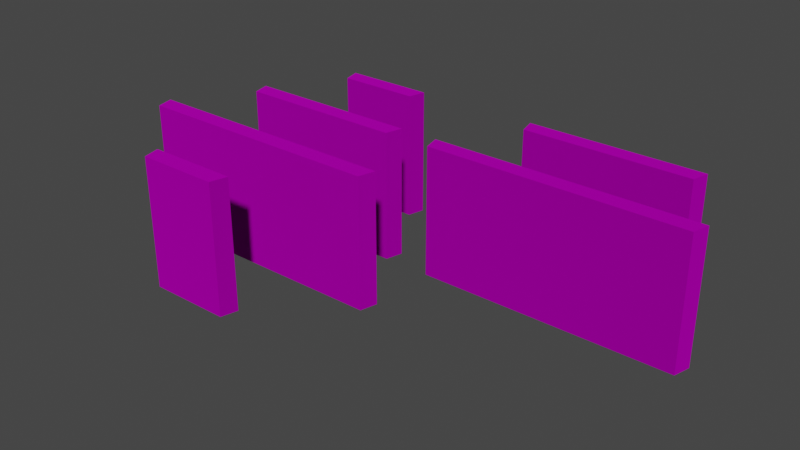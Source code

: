# Source: terrace_plates.blend  (saved by Blender 3.4.6; exported with 4.5.12 LTS)
import bpy
from mathutils import Matrix  # noqa: F401  (used for matrix-valued properties, if any)

bpy.ops.wm.read_factory_settings(use_empty=True)
scene = bpy.context.scene
scene.name = 'Scene'

# ---- collections
col_collection = bpy.data.collections.new('Collection'); scene.collection.children.link(col_collection)
col_export = bpy.data.collections.new('Export'); scene.collection.children.link(col_export)

# ---- images (referenced by path relative to the original .blend; pixels are not part of the script)
import os
ASSET_DIR = os.environ.get("B2B_ASSET_DIR", "")  # directory of the original .blend (textures are referenced by path, not embedded)
HERE = os.path.dirname(os.path.abspath(__file__))  # packed textures are extracted next to this script under _unpacked/

def load_image(name, relpath, width, height, colorspace="sRGB"):
    """Load a texture the original file referenced (path relative to the .blend, or extracted next to this script)."""
    p = next((c for c in (os.path.join(HERE, relpath), os.path.join(ASSET_DIR, relpath)) if relpath and os.path.exists(c)), "")
    if p:
        img = bpy.data.images.load(p, check_existing=True)
        img.name = name
    else:  # same state as the original file: an image datablock whose file is absent (Cycles renders it pink)
        img = bpy.data.images.new(name, width, height)
        img.source = "FILE"
        img.filepath = "//" + (relpath or name)
    img.colorspace_settings.name = colorspace
    return img
img_terrace_plate_cwt_primary_png = load_image('terrace_plate_cwt_primary.png', 'terrace_plate_cwt_primary.png', 1024, 1024, 'sRGB')

# ---- materials (node trees are filled in below, after node groups)
mat_dummymtl_rsrc_world_prop_pvp_arena_terrace_plate_set_meshsets_f = bpy.data.materials.new('dummymtl-rsrc.world.prop.pvp.arena.terrace_plate_set-MeshSets[f')
mat_dummymtl_rsrc_world_prop_pvp_arena_terrace_plate_set_meshsets_f.use_backface_culling = True
mat_dummymtl_rsrc_world_prop_pvp_arena_terrace_plate_set_meshsets_f.use_transparent_shadow = False

# ---- material node trees
mat_dummymtl_rsrc_world_prop_pvp_arena_terrace_plate_set_meshsets_f.use_nodes = True; mat_dummymtl_rsrc_world_prop_pvp_arena_terrace_plate_set_meshsets_f.node_tree.nodes.clear()
_N = mat_dummymtl_rsrc_world_prop_pvp_arena_terrace_plate_set_meshsets_f.node_tree.nodes; _L = mat_dummymtl_rsrc_world_prop_pvp_arena_terrace_plate_set_meshsets_f.node_tree.links
n0 = _N.new('ShaderNodeBsdfPrincipled'); n0.name = 'Principled BSDF'; n0.location = (10, 300)
n0.distribution = 'GGX'
n0.subsurface_method = 'RANDOM_WALK_SKIN'
n0.inputs[1].default_value = 1.0
n0.inputs[2].default_value = 1.0
n0.inputs[27].default_value = (0.0, 0.0, 0.0, 1.0)
n0.inputs[28].default_value = 1.0
n1 = _N.new('ShaderNodeOutputMaterial'); n1.name = 'Material Output'; n1.location = (320, 270)
n2 = _N.new('ShaderNodeTexImage'); n2.name = 'Image Texture'; n2.location = (-320, 186)
n2.image = img_terrace_plate_cwt_primary_png
_L.new(n0.outputs[0], n1.inputs[0])
_L.new(n2.outputs[0], n0.inputs[0])
n1.is_active_output = True

# ---- world
world_world = bpy.data.worlds.new('World'); scene.world = world_world
world_world.use_nodes = True; world_world.node_tree.nodes.clear()
_N = world_world.node_tree.nodes; _L = world_world.node_tree.links
n0 = _N.new('ShaderNodeOutputWorld'); n0.name = 'World Output'; n0.location = (300, 300)
n1 = _N.new('ShaderNodeBackground'); n1.name = 'Background'; n1.location = (10, 300)
n1.inputs[0].default_value = (0.05088, 0.05088, 0.05088, 1.0)
_L.new(n1.outputs[0], n0.inputs[0])
n0.is_active_output = True
world_world.color = (0.05088, 0.05088, 0.05088)
world_world.use_sun_shadow = False
world_world.sun_shadow_jitter_overblur = 0.0

# ---- meshes
me_rsrc_world_prop_pvp_arena_terrace_plate_set_meshsets_flat_02uni = bpy.data.meshes.new('rsrc.world.prop.pvp.arena.terrace_plate_set-MeshSets[flat_02uni')
me_rsrc_world_prop_pvp_arena_terrace_plate_set_meshsets_flat_02uni.from_pydata([(-1.05, 0.0, 6.557e-08), (-1.05, -3.0, -6.557e-08), (0.95, -3.0, -0.4), (-0.95, -3.0, -0.4), (1.05, 0.0, 6.557e-08), (-0.95, 0.0, -0.4), (0.95, 0.0, -0.4), (1.05, -3.0, -6.557e-08)], [], [(0, 1, 7), (7, 4, 0), (5, 6, 2), (2, 3, 5), (0, 4, 6), (6, 5, 0), (4, 7, 2), (2, 6, 4), (7, 1, 3), (3, 2, 7), (1, 0, 5), (5, 3, 1)])
_uv = me_rsrc_world_prop_pvp_arena_terrace_plate_set_meshsets_flat_02uni.uv_layers.new(name='UVMap')
_uv.uv.foreach_set('vector', [0.8089, 0.055, 0.8089, 0.2425, 0.2839, 0.2425, 0.2839, 0.2425, 0.2839, 0.055, 0.8089, 0.055, 0.0, 0.272, 1.0, 0.272, 1.0, 0.5, 1.0, 0.5, 0.0, 0.5, 0.0, 0.272, 0.0, 0.032, 1.0, 0.032, 0.9524, 0.039, 0.9524, 0.039, 0.04762, 0.039, 0.0, 0.032, 0.0, 0.0, 1.0, 0.0, 1.0, 0.028, 1.0, 0.028, 0.0, 0.028, 0.0, 0.0, 1.0, 1.0, 0.0, 1.0, 0.0, 0.97, 0.0, 0.97, 1.0, 0.97, 1.0, 1.0, 0.0, 0.0, 1.0, 0.0, 1.0, 0.028, 1.0, 0.028, 0.0, 0.028, 0.0, 0.0])
me_rsrc_world_prop_pvp_arena_terrace_plate_set_meshsets_flat_02uni.materials.append(mat_dummymtl_rsrc_world_prop_pvp_arena_terrace_plate_set_meshsets_f)
me_rsrc_world_prop_pvp_arena_terrace_plate_set_meshsets_flat_02uni.update()
me_rsrc_world_prop_pvp_arena_terrace_plate_set_meshsets_flat_02uni.normals_split_custom_set([tuple(v) for v in zip(*[iter([0.0, -4.371e-08, 1.0, 0.0, -4.371e-08, 1.0, 0.0, -4.371e-08, 1.0, 0.0, -4.371e-08, 1.0, 0.0, -4.371e-08, 1.0, 0.0, -4.371e-08, 1.0, 0.0, 0.0, -1.0, 0.0, 0.0, -1.0, 0.0, 0.0, -1.0, 0.0, 0.0, -1.0, 0.0, 0.0, -1.0, 0.0, 0.0, -1.0, 0.0, 1.0, 0.0, 0.0, 1.0, 0.0, 0.0, 1.0, 0.0, 0.0, 1.0, 0.0, 0.0, 1.0, 0.0, 0.0, 1.0, 0.0, 0.9701, 4.819e-08, -0.2425, 0.9701, 4.819e-08, -0.2425, 0.9701, 4.819e-08, -0.2425, 0.9701, 0.0, -0.2425, 0.9701, 0.0, -0.2425, 0.9701, 0.0, -0.2425, 0.0, -1.0, 4.257e-07, 0.0, -1.0, 4.257e-07, 0.0, -1.0, 4.257e-07, 0.0, -1.0, -7.843e-07, 0.0, -1.0, -7.843e-07, 0.0, -1.0, -7.843e-07, -0.9701, 4.819e-08, -0.2425, -0.9701, 4.819e-08, -0.2425, -0.9701, 4.819e-08, -0.2425, -0.9701, 0.0, -0.2425, -0.9701, 0.0, -0.2425, -0.9701, 0.0, -0.2425])] * 3)])
me_rsrc_world_prop_pvp_arena_terrace_plate_set_meshsets_flat_04uni = bpy.data.meshes.new('rsrc.world.prop.pvp.arena.terrace_plate_set-MeshSets[flat_04uni')
me_rsrc_world_prop_pvp_arena_terrace_plate_set_meshsets_flat_04uni.from_pydata([(2.05, 0.0, 5.722e-08), (-2.05, -3.0, -5.722e-08), (-1.95, -3.0, -0.4), (1.95, 0.0, -0.4), (2.05, -3.0, -5.722e-08), (-1.95, 0.0, -0.4), (-2.05, 0.0, 5.722e-08), (1.0, 0.0, -0.4), (-1.0, -3.0, -0.4), (-1.0, 0.0, -0.4), (1.0, -3.0, -0.4), (1.95, -3.0, -0.4)], [], [(4, 0, 6), (6, 1, 4), (9, 8, 2), (2, 5, 9), (11, 3, 0), (0, 4, 11), (5, 2, 1), (1, 6, 5), (7, 10, 8), (8, 9, 7), (3, 11, 10), (10, 7, 3), (7, 0, 3), (6, 0, 7), (6, 7, 9), (6, 9, 5), (8, 1, 2), (4, 1, 8), (4, 8, 10), (4, 10, 11)])
me_rsrc_world_prop_pvp_arena_terrace_plate_set_meshsets_flat_04uni.polygons.foreach_set('use_smooth', [0, 0, 0, 0, 0, 1, 1, 0, 0, 0, 0, 0, 0, 0, 0, 0, 0, 0, 0, 0])
_uv = me_rsrc_world_prop_pvp_arena_terrace_plate_set_meshsets_flat_04uni.uv_layers.new(name='UVMap')
_uv.uv.foreach_set('vector', [0.0, 1.0, 0.0, 0.0, 1.0, 0.0, 1.0, 0.0, 1.0, 1.0, 0.0, 1.0, 0.5, 0.272, 0.5, 0.5, 0.0, 0.5, 0.0, 0.5, 0.0, 0.272, 0.5, 0.272, 1.0, 0.028, 0.0, 0.028, 0.0, 0.0, 0.0, 0.0, 1.0, 0.0, 1.0, 0.028, 1.0, 0.0, 0.0, 0.0, 0.0, 0.032, 0.0, 0.032, 1.0, 0.032, 1.0, 0.0, 1.0, 0.038, 1.0, 0.2657, 0.0, 0.2657, 0.0, 0.2657, 0.0, 0.038, 1.0, 0.038, 1.0, 0.272, 1.0, 0.5, 0.5, 0.5, 0.5, 0.5, 0.5, 0.272, 1.0, 0.272, 0.8333, 0.038, 1.0, 0.032, 1.0, 0.038, 0.0, 0.032, 1.0, 0.032, 0.8333, 0.038, 0.0, 0.032, 0.8333, 0.038, 0.1667, 0.038, 0.0, 0.032, 0.1667, 0.038, 0.0, 0.038, 0.1667, 0.97, 0.0, 1.0, 0.0, 0.97, 1.0, 1.0, 0.0, 1.0, 0.1667, 0.97, 1.0, 1.0, 0.1667, 0.97, 0.8333, 0.97, 1.0, 1.0, 0.8333, 0.97, 1.0, 0.97])
me_rsrc_world_prop_pvp_arena_terrace_plate_set_meshsets_flat_04uni.materials.append(mat_dummymtl_rsrc_world_prop_pvp_arena_terrace_plate_set_meshsets_f)
me_rsrc_world_prop_pvp_arena_terrace_plate_set_meshsets_flat_04uni.update()
me_rsrc_world_prop_pvp_arena_terrace_plate_set_meshsets_flat_04uni.normals_split_custom_set([tuple(v) for v in zip(*[iter([0.0, -3.815e-08, 1.0, 0.0, -3.815e-08, 1.0, 0.0, -3.815e-08, 1.0, 0.0, -3.815e-08, 1.0, 0.0, -3.815e-08, 1.0, 0.0, -3.815e-08, 1.0, 0.0, 0.0, -1.0, 0.0, 0.0, -1.0, 0.0, 0.0, -1.0, 0.0, 0.0, -1.0, 0.0, 0.0, -1.0, 0.0, 0.0, -1.0, 0.9701, 0.0, -0.2425, 0.9701, 0.0, -0.2425, 0.9701, 0.0, -0.2425, 0.9701, 0.0, -0.2425, 0.9701, 0.0, -0.2425, 0.9701, 0.0, -0.2425, -0.9701, 0.0, -0.2425, -0.9701, 0.0, -0.2425, -0.9701, 0.0, -0.2425, -0.9701, 0.0, -0.2425, -0.9701, 0.0, -0.2425, -0.9701, 0.0, -0.2425, 0.0, 0.0, -1.0, 0.0, 0.0, -1.0, 0.0, 0.0, -1.0, 0.0, 0.0, -1.0, 0.0, 0.0, -1.0, 0.0, 0.0, -1.0, 0.0, 0.0, -1.0, 0.0, 0.0, -1.0, 0.0, 0.0, -1.0, 0.0, 0.0, -1.0, 0.0, 0.0, -1.0, 0.0, 0.0, -1.0, 0.0, 1.0, 0.0, 0.0, 1.0, 0.0, 0.0, 1.0, 0.0, 0.0, 1.0, 0.0, 0.0, 1.0, 0.0, 0.0, 1.0, 0.0, 0.0, 1.0, 0.0, 0.0, 1.0, 0.0, 0.0, 1.0, 0.0, 0.0, 1.0, 0.0, 0.0, 1.0, 0.0, 0.0, 1.0, 0.0, 0.0, -1.0, 6.274e-07, 0.0, -1.0, 6.274e-07, 0.0, -1.0, 6.274e-07, 0.0, -1.0, 2.908e-07, 0.0, -1.0, 2.908e-07, 0.0, -1.0, 2.908e-07, 0.0, -1.0, 0.0, 0.0, -1.0, 0.0, 0.0, -1.0, 0.0, 0.0, -1.0, 0.0, 0.0, -1.0, 0.0, 0.0, -1.0, 0.0])] * 3)])
me_rsrc_world_prop_pvp_arena_terrace_plate_set_meshsets_flat_06uni = bpy.data.meshes.new('rsrc.world.prop.pvp.arena.terrace_plate_set-MeshSets[flat_06uni')
me_rsrc_world_prop_pvp_arena_terrace_plate_set_meshsets_flat_06uni.from_pydata([(3.05, 0.0, 6.557e-08), (-3.05, -3.0, -6.557e-08), (-2.95, -3.0, -0.4), (2.95, 0.0, -0.4), (3.05, -3.0, -6.557e-08), (-2.95, 0.0, -0.4), (-3.05, 0.0, 6.557e-08), (2.0, 0.0, -0.4), (-2.0, -3.0, -0.4), (-2.0, 0.0, -0.4), (2.0, -3.0, -0.4), (2.95, -3.0, -0.4)], [], [(4, 0, 6), (6, 1, 4), (9, 8, 2), (2, 5, 9), (11, 3, 0), (0, 4, 11), (5, 2, 1), (1, 6, 5), (7, 10, 8), (8, 9, 7), (3, 11, 10), (10, 7, 3), (7, 0, 3), (6, 0, 7), (6, 7, 9), (6, 9, 5), (8, 1, 2), (4, 1, 8), (4, 8, 10), (4, 10, 11)])
me_rsrc_world_prop_pvp_arena_terrace_plate_set_meshsets_flat_06uni.polygons.foreach_set('use_smooth', [0, 0, 0, 0, 1, 1, 1, 1, 0, 0, 0, 0, 0, 0, 0, 0, 0, 0, 0, 0])
_uv = me_rsrc_world_prop_pvp_arena_terrace_plate_set_meshsets_flat_06uni.uv_layers.new(name='UVMap')
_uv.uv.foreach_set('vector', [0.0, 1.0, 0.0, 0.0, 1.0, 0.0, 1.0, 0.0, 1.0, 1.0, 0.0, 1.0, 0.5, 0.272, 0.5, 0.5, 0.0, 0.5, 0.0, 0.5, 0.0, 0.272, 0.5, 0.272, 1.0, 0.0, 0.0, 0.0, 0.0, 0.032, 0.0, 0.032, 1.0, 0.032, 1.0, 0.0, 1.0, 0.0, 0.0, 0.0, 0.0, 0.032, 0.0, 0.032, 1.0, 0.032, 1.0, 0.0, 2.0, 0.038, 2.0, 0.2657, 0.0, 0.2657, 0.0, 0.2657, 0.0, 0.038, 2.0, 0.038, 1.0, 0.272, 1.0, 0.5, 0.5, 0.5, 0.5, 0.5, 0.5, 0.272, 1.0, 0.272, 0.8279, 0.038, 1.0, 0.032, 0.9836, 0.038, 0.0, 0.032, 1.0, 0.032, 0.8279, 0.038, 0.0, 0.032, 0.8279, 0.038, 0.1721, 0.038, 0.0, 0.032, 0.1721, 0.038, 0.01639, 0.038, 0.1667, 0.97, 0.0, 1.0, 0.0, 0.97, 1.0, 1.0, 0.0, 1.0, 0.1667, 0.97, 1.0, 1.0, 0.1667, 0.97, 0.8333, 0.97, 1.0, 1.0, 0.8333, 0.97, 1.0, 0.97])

══════════

• [Required work]: Copy the entries above exactly, but only from the line holding "img = bpy.data.images.new(name, width, height)" through the line holding "# ---- materials", both included.

• [Exercise output]:
        img = bpy.data.images.new(name, width, height)
        img.source = "FILE"
        img.filepath = "//" + (relpath or name)
    img.colorspace_settings.name = colorspace
    return img
img_terrace_plate_cwt_primary_png = load_image('terrace_plate_cwt_primary.png', 'terrace_plate_cwt_primary.png', 1024, 1024, 'sRGB')

# ---- materials (node trees are filled in below, after node groups)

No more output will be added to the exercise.